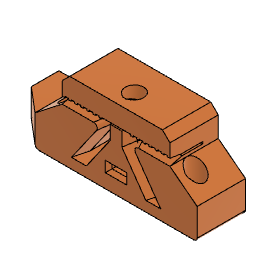
y_belt_holder_9mm_belt_bear2.1_mk2s-2.5-2.5s (Autodesk Fusion 360 archive; units mm, degrees)
design "y_belt_holder"
Autodesk Fusion 360 part; units mm, degrees
sketch "Sketch1" plane through (0, 0, 0) normal (0, 0, 1) x (1, 0, 0) in component "y_belt_holder"
  line L0 (-14, 10.3) -> (47, 10.3)
  line L1 (47, 10.3) -> (47, -5.5)
  line L2 (47, -5.5) -> (-14, -5.5)
  line L3 (-14, -5.5) -> (-14, 10.3)
  circle A0 centre (0, 0) radius 1.65
  circle A1 centre (41, 0) radius 1.65
  line L4 (0, 0) -> (41, 0) construction
  line L5 (2.9, 10.3) -> (2.9, -5.5)
  line L6 (38.1, 10.3) -> (38.1, -5.5)
  circle A2 centre (0, 0) radius 2.9
  circle A3 centre (41, 0) radius 2.9
  line L7 (0.825, -1.4289) -> (0.0957, -1.85)
  line L8 (0.0957, -1.85) -> (-0.0957, -1.85)
  line L9 (-0.0957, -1.85) -> (-0.825, -1.4289)
  line L10 (1.45, -2.5115) -> (0.4306, -3.1)
  line L11 (0.4306, -3.1) -> (-0.4306, -3.1)
  line L12 (-0.4306, -3.1) -> (-1.45, -2.5115)
  line L13 (41.825, -1.4289) -> (41.0957, -1.85)
  line L14 (41.0957, -1.85) -> (40.9043, -1.85)
  line L15 (40.9043, -1.85) -> (40.175, -1.4289)
  line L16 (42.45, -2.5115) -> (41.4306, -3.1)
  line L17 (41.4306, -3.1) -> (40.5694, -3.1)
  line L18 (40.5694, -3.1) -> (39.55, -2.5115)
  circle A4 centre (20.5, 0) radius 1.65
  circle A5 centre (20.5, 0) radius 3
  circle A6 centre (20.5, 0) radius 3.1 construction
  line L19 (20.5, -3.1) -> (23.1847, -1.55)
  line L20 (23.1847, -1.55) -> (23.1847, 1.55)
  line L21 (23.1847, 1.55) -> (20.5, 3.1)
  line L22 (20.5, 3.1) -> (17.8153, 1.55)
  line L23 (17.8153, 1.55) -> (17.8153, -1.55)
  line L24 (17.8153, -1.55) -> (20.5, -3.1)
  line L25 (-14, 5.5) -> (47, 5.5) construction
  line L26 (-14, -0.5) -> (47, -0.5) construction
  line L27 (19.675, -1.4289) -> (20.4043, -1.85)
  line L28 (20.4043, -1.85) -> (20.5957, -1.85)
  line L29 (20.5957, -1.85) -> (21.325, -1.4289)
  line L30 (19, -2.5981) -> (20.0426, -3.2)
  line L31 (20.0426, -3.2) -> (20.9574, -3.2)
  line L32 (20.9574, -3.2) -> (22, -2.5981)
  line L33 (-14, 1.3) -> (-6, -5.5)
  point P0 (20.5, 0)
  dimension "d2" = 3.3
  dimension "d3" = 3.3
  dimension "d4" = 41
  dimension "d5" = 14
  dimension "d8" = 5.8
  dimension "d9" = 5.8
  dimension "d11" = 5.5
  dimension "d58" = 150
  dimension "d60" = 150
  dimension "d62" = 150
  dimension "d64" = 150
  dimension "d67" = 150
  dimension "d68" = 150
  dimension "d69" = 150
  dimension "d70" = 150
  dimension "d71" = 0.2
  dimension "d72" = 0.2
  dimension "d73" = 0.2
  dimension "d74" = 0.2
  dimension "d83" = 6
  dimension "d157" = 6
  dimension "d158" = 3.3
  dimension "d160" = 6.2
  dimension "d218" = 5.5
  dimension "d219" = 6
  dimension "d220" = 4.8
  dimension "d273" = 150
  dimension "d274" = 0.2
  dimension "d275" = 150
  dimension "d276" = 150
  dimension "d277" = 150
  dimension "d278" = 0.2
  dimension "d367" = 9
  dimension "d369" = 6
  dimension "d370" = 44.275
  constraint horizontal L0
  constraint vertical L1
  constraint horizontal L2
  constraint vertical L3
  constraint coincident A0.centre L4.start
  constraint coincident A1.centre L4.end
  constraint horizontal L4
  constraint coincident L0 L5.start
  constraint coincident L2 L5.end
  constraint perpendicular L2 L5
  constraint coincident L0 L6.start
  constraint coincident L2 L6.end
  constraint perpendicular L2 L6
  constraint concentric A0 A2
  constraint concentric A1 A3
  constraint coincident A0 L7.start
  constraint tangent A0 L7
  constraint coincident A0 L9.end
  constraint tangent A0 L9
  constraint coincident A2 L10.start
  constraint tangent A2 L10
  constraint parallel L8 L11
  constraint coincident A2 L12.end
  constraint tangent A2 L12
  constraint coincident A1 L13.start
  constraint tangent A1 L13
  constraint coincident A1 L15.end
  constraint tangent A1 L15
  constraint coincident A3 L16.start
  constraint tangent A3 L16
  constraint parallel L14 L17
  constraint coincident A3 L18.end
  constraint tangent A3 L18
  constraint horizontal L11
  constraint horizontal L17
  constraint tangent L5 A2
  constraint tangent L6 A3
  constraint concentric A4 A5
  constraint concentric A4 A6
  constraint coincident A6 L19.start
  constraint coincident P0 A4.centre
  constraint vertical L23
  constraint coincident L3 L25.start
  constraint coincident L1 L25.end
  constraint perpendicular L1 L25
  constraint coincident L3 L26.start
  constraint coincident L1 L26.end
  constraint perpendicular L1 L26
  constraint coincident A4 L27.start
  constraint horizontal L28
  constraint coincident A4 L29.end
  constraint coincident A5 L30.start
  constraint tangent A5 L30
  constraint parallel L28 L31
  constraint coincident A5 L32.end
  constraint tangent A5 L32
  constraint tangent A4 L27
  constraint tangent A4 L29
  constraint midpoint L4 P0
  constraint coincident L3 L33.start
  constraint coincident L2 L33.end
  measures "d2" diameter of A0
  measures "d3" diameter of A1
  measures "d4" distance of A0.centre A1.centre
  measures "d5" distance of A0.centre L3
  measures "d8" diameter of A2
  measures "d9" diameter of A3
  measures "d11" vertical distance of L2.end A0.centre
  measures "d58" angle of L7 L8
  measures "d60" angle of L8 L9
  measures "d62" angle of L10 L11
  measures "d64" angle of L11 L12
  measures "d67" angle of L16 L17
  measures "d68" angle of L17 L18
  measures "d69" angle of L13 L14
  measures "d70" angle of L14 L15
  measures "d71" distance of A2 L11
  measures "d72" distance of A0 L8
  measures "d73" distance of A3 L17
  measures "d74" distance of A1 L14
  measures "d83" distance of L1 A1.centre
  measures "d157" diameter of A5
  measures "d158" diameter of A4
  measures "d160" diameter of A6
  measures "d218" vertical distance of A0.centre L25.start
  measures "d219" distance of L25 L26
  measures "d220" distance of L0 L25.start
  measures "d273" angle of L27 L28
  measures "d274" distance of A4 L28
  measures "d275" angle of L28 L29
  measures "d276" angle of L30 L31
  measures "d277" angle of L31 L32
  measures "d278" distance of A5 L31
  measures "d367" distance of L0.start L33.start
  measures "d369" horizontal distance of A0.centre L33.end
extrude "Extrude1" add sketch "Sketch1" along normal blind 26 contours L0 L2 L5 L6 | A4 | A4 L27 L28 L29 | A5 L20 | A5 L19 L20 L21 L22 L23 L24 | A5 L20 L21 | A5 L19 L20 | A5 L21 | A5 L19 | A5 L21 L22 | A5 L19 L24 L30 L31 L32 | A5 L19 L24 | A5 L22 | A5 L24 | A5 L22 L23 | A5 L23 L24 | A5 L23 in component "y_belt_holder"
extrude "Extrude2" add sketch "Sketch1" along normal blind 10 contours A2 | L0 L2 L3 L5 L33 | A3 | L0 L1 L2 L6 | A2 L10 L11 L12 | A3 L16 L17 L18 | A0 | A0 L7 L8 L9 | A1 | A1 L13 L14 L15 in component "y_belt_holder"
extrude "Extrude11" cut sketch "Sketch1" along normal blind 39 contours A4 | A4 L27 L28 L29 in component "y_belt_holder"
sketch "Sketch2" plane through (0, -5.5, 0) normal (0, -1, 0) x (1, 0, 0) in component "y_belt_holder"
  line L0 (-6, 0) -> (47, 0)
  line L1 (47, 0) -> (47, 10)
  line L2 (47, 10) -> (38.1, 10)
  line L3 (38.1, 10) -> (38.1, 26)
  line L4 (38.1, 26) -> (2.9, 26)
  line L5 (2.9, 26) -> (2.9, 10)
  line L6 (38.1, 17.9) -> (26.5535, 17.9)
  line L7 (2.9, 17.9) -> (14.4465, 17.9)
  line L8 (2.9, 19.55) -> (38.1, 19.55)
  line L9 (20.5, 26) -> (20.5, 0) construction
  arc A0 (26.5535, 17.9) -> (25.3247, 15.5396) centre (26.5535, 16.4) ccw
  line L10 (22.15, 26) -> (22.15, 7.35) construction
  line L11 (18.85, 26) -> (18.85, 7.35) construction
  line L12 (25.3247, 15.5396) -> (33.8652, 3.3426)
  line L13 (23.4035, 14.7966) -> (31.4237, 3.3426)
  line L14 (31.4237, 3.3426) -> (33.8652, 3.3426)
  arc A1 (15.6753, 15.5396) -> (14.4465, 17.9) centre (14.4465, 16.4) ccw
  line L15 (17.5965, 14.7966) -> (9.5763, 3.3426)
  line L16 (9.5763, 3.3426) -> (7.1348, 3.3426)
  line L17 (7.1348, 3.3426) -> (15.6753, 15.5396)
  line L18 (2.9, 18.55) -> (3.8, 18.55)
  line L19 (3.8, 18.55) -> (3.8, 19.55)
  line L20 (17.5965, 19.05) -> (23.4035, 19.05)
  line L21 (23.4035, 19.05) -> (23.4035, 14.7966)
  line L22 (38.1, 19.55) -> (38.1, 18.55)
  line L23 (38.1, 18.55) -> (37.2, 18.55)
  line L24 (37.2, 18.55) -> (37.2, 19.55)
  line L25 (4.9, 19.55) -> (4.9, 18.55)
  line L26 (4.9, 18.55) -> (5.8, 18.55)
  line L27 (5.8, 18.55) -> (5.8, 19.55)
  line L28 (35.2, 19.55) -> (35.2, 18.55)
  line L29 (35.2, 18.55) -> (36.1, 18.55)
  line L30 (36.1, 18.55) -> (36.1, 19.55)
  line L31 (6.9, 19.55) -> (6.9, 18.55)
  line L32 (7.8, 18.55) -> (7.8, 19.55)
  line L33 (6.9, 18.55) -> (7.8, 18.55)
  line L34 (8.9, 19.55) -> (8.9, 18.55)
  line L35 (9.8, 18.55) -> (9.8, 19.55)
  line L36 (8.9, 18.55) -> (9.8, 18.55)
  line L37 (10.9, 19.55) -> (10.9, 18.55)
  line L38 (11.8, 18.55) -> (11.8, 19.55)
  line L39 (10.9, 18.55) -> (11.8, 18.55)
  line L40 (12.9, 19.55) -> (12.9, 18.55)
  line L41 (13.8, 18.55) -> (13.8, 19.55)
  line L42 (12.9, 18.55) -> (13.8, 18.55)
  line L43 (14.9, 19.55) -> (14.9, 18.55)
  line L44 (15.8, 18.55) -> (15.8, 19.55)
  line L45 (14.9, 18.55) -> (15.8, 18.55)
  line L46 (33.2, 18.55) -> (34.1, 18.55)
  line L47 (34.1, 18.55) -> (34.1, 19.55)
  line L48 (33.2, 19.55) -> (33.2, 18.55)
  line L49 (31.2, 18.55) -> (32.1, 18.55)
  line L50 (32.1, 18.55) -> (32.1, 19.55)
  line L51 (31.2, 19.55) -> (31.2, 18.55)
  line L52 (29.2, 18.55) -> (30.1, 18.55)
  line L53 (30.1, 18.55) -> (30.1, 19.55)
  line L54 (29.2, 19.55) -> (29.2, 18.55)
  line L55 (27.2, 18.55) -> (28.1, 18.55)
  line L56 (28.1, 18.55) -> (28.1, 19.55)
  line L57 (27.2, 19.55) -> (27.2, 18.55)
  line L58 (25.2, 18.55) -> (26.1, 18.55)
  line L59 (26.1, 18.55) -> (26.1, 19.55)
  line L60 (25.2, 19.55) -> (25.2, 18.55)
  line L61 (17.5965, 14.7966) -> (17.5965, 19.05)
  line L62 (18.85, 26) -> (22.15, 26)
  line L63 (17.5965, 17.9) -> (23.4035, 17.9)
  line L64 (18.85, 16.5867) -> (7.2358, 0) construction
  line L65 (2.9, 16.9) -> (-6, 10)
  line L66 (38.1, 16.9) -> (47, 10)
  line L67 (17.7, 7.35) -> (23.3, 7.35)
  line L68 (23.3, 7.35) -> (23.3, 5.25)
  line L69 (23.3, 5.25) -> (17.7, 5.25)
  line L70 (17.7, 5.25) -> (17.7, 7.35)
  line L71 (35.65, 26) -> (38.1, 23.55)
  line L72 (2.9, 23.55) -> (5.35, 26)
  line L73 (2.9, 10) -> (-6, 10)
  line L74 (-6, 10) -> (-6, 0)
  point P0 (41, 0)
  dimension "d185" = 0.9
  dimension "d190" = 1.5
  dimension "d191" = 1.5
  dimension "d205" = 0.9
  dimension "d206" = 0.9
  dimension "d207" = 2
  dimension "d211" = 0.9
  dimension "d212" = 2
  dimension "d224" = 2
  dimension "d225" = 0
  dimension "d228" = 2
  dimension "d229" = 0
  dimension "d230" = 1.2535
  dimension "d232" = 1.2535
  dimension "d233" = 0.5
  dimension "d235" = 1.65
  dimension "d238" = 1.65
  dimension "d263" = 2
  dimension "d265" = 2
  dimension "d266" = 3.3426
  dimension "d284" = 1
  dimension "d327" = 2.1
  dimension "d328" = 5.6
  dimension "d355" = 1
  dimension "d356" = 7.9
  dimension "d357" = 1.65
  dimension "d358" = 1
  dimension "d359" = 55
  dimension "d362" = 45
  dimension "d364" = 4
  dimension "d372" = 12.2
  constraint perpendicular L3 L6
  constraint coincident L3 L8.end
  constraint perpendicular L5 L7
  constraint coincident L5 L8.start
  constraint perpendicular L5 L8
  constraint midpoint L4 L9.start
  constraint coincident L0 L9.end
  constraint tangent L6 A0
  constraint tangent A0 L12
  constraint tangent L7 A1
  constraint tangent A1 L17
  constraint coincident L5 L18.start
  constraint perpendicular L5 L18
  constraint coincident L8 L19.end
  constraint perpendicular L8 L19
  constraint perpendicular L9 L20
  constraint perpendicular L20 L21
  constraint coincident L3 L22.end
  constraint perpendicular L22 L23
  constraint coincident L8 L25.start
  constraint perpendicular L8 L25
  constraint perpendicular L25 L26
  constraint coincident L8 L27.end
  constraint perpendicular L8 L27
  constraint collinear L18 L26
  constraint perpendicular L28 L29
  constraint collinear L23 L29
  constraint vertical L61
  constraint coincident L15.start L61.start
  constraint coincident L13.start L21.end
  constraint coincident L11.start L62.start
  constraint coincident L10.start L62.end
  constraint coincident L61 L63.start
  constraint coincident L21 L63.end
  constraint perpendicular L21 L63
  constraint collinear L7 L63
  constraint parallel L0 L14
  constraint parallel L0 L16
  constraint parallel L12 L13
  constraint parallel L15 L17
  constraint collinear L14 L16
  constraint coincident L11 L64.start
  constraint coincident L0 L64.end
  constraint parallel L15 L64
  constraint horizontal L67
  constraint vertical L68
  constraint horizontal L69
  constraint vertical L70
  constraint symmetric L9 L68 L70
  constraint coincident L11.end L67
  constraint coincident L10.end L67
  constraint coincident L3 L6.start
  constraint coincident L3 L66.start
  constraint coincident L8.end L22.start
  constraint coincident L8 L24.end
  constraint coincident L8 L30.end
  constraint coincident L8 L28.start
  constraint collinear L18 L23
  constraint coincident L5 L65.start
  constraint coincident L5 L7.start
  constraint collinear L6 L7
  constraint symmetric L9 L65 L66
  constraint coincident L4 L71.start
  constraint coincident L3 L71.end
  constraint coincident L5 L72.start
  constraint coincident L4 L72.end
  constraint symmetric L9 L71 L72
  constraint coincident L1.end L2.start
  constraint coincident L65.end L73.end
  measures "d185" distance of L8.start L19
  measures "d190" radius of A1
  measures "d191" radius of A0
  measures "d205" distance of L22 L24
  measures "d206" distance of L25 L27
  measures "d207" distance of L8.start L25
  measures "d211" distance of L28 L30
  measures "d212" distance of L22 L30
  measures "d230" distance of L10 L21
  measures "d232" distance of L11 L61
  measures "d233" distance of L8 L20
  measures "d235" distance of A1 L61
  measures "d238" distance of A0 L21
  measures "d263" distance of L15 L17
  measures "d265" distance of L12 L13
  measures "d266" distance of L0 L16
  measures "d284" distance of L8 L18
  measures "d327" distance of L67.start L69.end
  measures "d328" distance of L68.end L69.end
  measures "d355" distance of L66.start L6.start
  measures "d356" distance of L5.end L7.start
  measures "d357" distance of L8.start L7.start
  measures "d358" distance of L65.start L7.start
  measures "d359" angle of L6 L12
  measures "d362" angle of L4 L71
  measures "d364" distance of L8.end L71.end
  measures "d372" vertical distance of L8.start L67.start
extrude "Extrude10" cut sketch "Sketch2" against normal up to surface (10.7 mm away) contours L3 L5 L6 L7 L8 A0 L12 L13 L14 A1 L15 L16 L17 L18 L19 L20 L21 L23 L24 L25 L26 L27 L28 L29 L30 L31 L32 L33 L34 L35 L36 L37 L38 L39 L40 L41 L42 L43 L44 L45 L46 L47 L48 L49 L50 L51 L52 L53 L54 L55 L56 L57 L58 L59 L60 L61 in component "y_belt_holder"
extrude "Extrude1'" cut sketch "Sketch2" against normal blind 8.5 contours L67 L68 L69 L70 in component "y_belt_holder"
extrude "Extrude18" cut sketch "Sketch2" along normal blind 1.15 from surface at -10.7 contours L20 L21 L61 L63 in component "y_belt_holder"
draft "Draft1" angle 45 neutral plane through (17.5965, -5.5, 19.05) pull (0, 0, 1) 1 faces at (19.5322, 4.05, 18.6667) in component "y_belt_holder"
move_face "OffsetFaces1" offset -0.1 4 faces at (21.4632, -1.3397, 21.7) (19.9181, -1.5693, 21.7) (21.0819, -1.5693, 21.7) (20.4681, -1.85, 23.85) in component "y_belt_holder"
fillet "Fillet2" radius 1 2 edges at (23.4035, -0.725, 19.05) (17.5965, -0.725, 19.05) in component "y_belt_holder"
extrude "Extrude23" add sketch "Sketch2" against normal up to surface (15.8 mm away) contours L5 L65 L73 | L2 L3 L66 in component "y_belt_holder"
extrude "Extrude3" cut sketch "Sketch2" against normal up to surface (15.8 mm away) contours L4 L5 L72 | L3 L4 L71 in component "y_belt_holder"
extrude "Extrude5" cut sketch "Sketch1" along normal blind 21 contours A2 | A3 | A2 L10 L11 L12 | A3 L16 L17 L18 | A0 | A0 L7 L8 L9 | A1 | A1 L13 L14 L15 in component "y_belt_holder"
extrude "Extrude6" add sketch "Sketch1" along normal blind 4 contours A2 | A3 | A2 L10 L11 L12 | A3 L16 L17 L18 in component "y_belt_holder"
fillet "Fillet4" radius 0.6 12 edges at (-0.4604, -1.6395, 0) (0, 1.65, 0) (0.4604, -1.6395, 0) (0, -1.85, 0) (41, -1.85, 0) (40.5396, -1.6395, 0) (41, 1.65, 0) (41.4604, -1.6395, 0) (20.9604, -1.6395, 0) (20.5, 1.65, 0) (20.0396, -1.6395, 0) (20.5, -1.85, 0) in component "y_belt_holder"
chamfer "Chamfer8" distance 0.5 angle 45 1 edges at (16.5, 10.3, 0) in component "y_belt_holder"
fillet "Fillet5" radius 1 3 edges at (-14, 5.55, 0) (47, 2.15, 0) (-10, -2.1, 0) in component "y_belt_holder"
sketch "Sketch5" plane through (38.1, 0, 0) normal (1, 0, 0) x (0, 1, 0) in component "y_belt_holder"
  line L0 (-5.5, 17.9) -> (-5.5, 16.9)
  line L1 (-5.5, 18.55) -> (5.2, 18.55)
  line L2 (5.2, 18.55) -> (5.2, 17.9)
  line L3 (10.3, 16.9) -> (10.3, 23.55)
  line L4 (-5.5, 18.55) -> (5.2, 18.55)
  line L5 (-5.5, 18.55) -> (-5.5, 23.55)
  line L6 (5.2, 18.55) -> (-5.5, 18.55)
  line L7 (-5.5, 19.15) -> (-1.4, 18.55)
  line L8 (0, 16.9) -> (10.3, 16.9)
  line L9 (-5.5, 23.55) -> (-5.5, 18.55)
  line L10 (-5.5, 19.55) -> (5.2, 19.55)
  dimension "d365" = 6.6
  dimension "d366" = 0.4
  constraint coincident L6 L7.end
  constraint coincident L5 L7.start
  measures "d365" distance of L1.end L7.end
  measures "d366" distance of L7.start L10.start
extrude "Extrude15" cut sketch "Sketch5" against normal up to surface (14.6965 mm away) in component "y_belt_holder"
extrude "Extrude16" cut sketch "Sketch5" along normal up to surface (14.6965 mm away) from surface at -35.2 in component "y_belt_holder"
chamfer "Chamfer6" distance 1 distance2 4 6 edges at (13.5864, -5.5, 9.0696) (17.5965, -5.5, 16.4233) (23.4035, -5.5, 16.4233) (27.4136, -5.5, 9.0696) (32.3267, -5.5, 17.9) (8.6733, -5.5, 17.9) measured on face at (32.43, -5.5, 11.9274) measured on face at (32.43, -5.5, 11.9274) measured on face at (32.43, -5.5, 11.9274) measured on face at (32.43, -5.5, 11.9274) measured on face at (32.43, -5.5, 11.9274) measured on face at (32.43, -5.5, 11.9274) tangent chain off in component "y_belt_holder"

:::::

ACTIVITY => Your reply should hold all the lines from the listing above in which "diameter" appears.

TASK RESULT =>
  measures "d2" diameter of A0
  measures "d3" diameter of A1
  measures "d8" diameter of A2
  measures "d9" diameter of A3
  measures "d157" diameter of A5
  measures "d158" diameter of A4
  measures "d160" diameter of A6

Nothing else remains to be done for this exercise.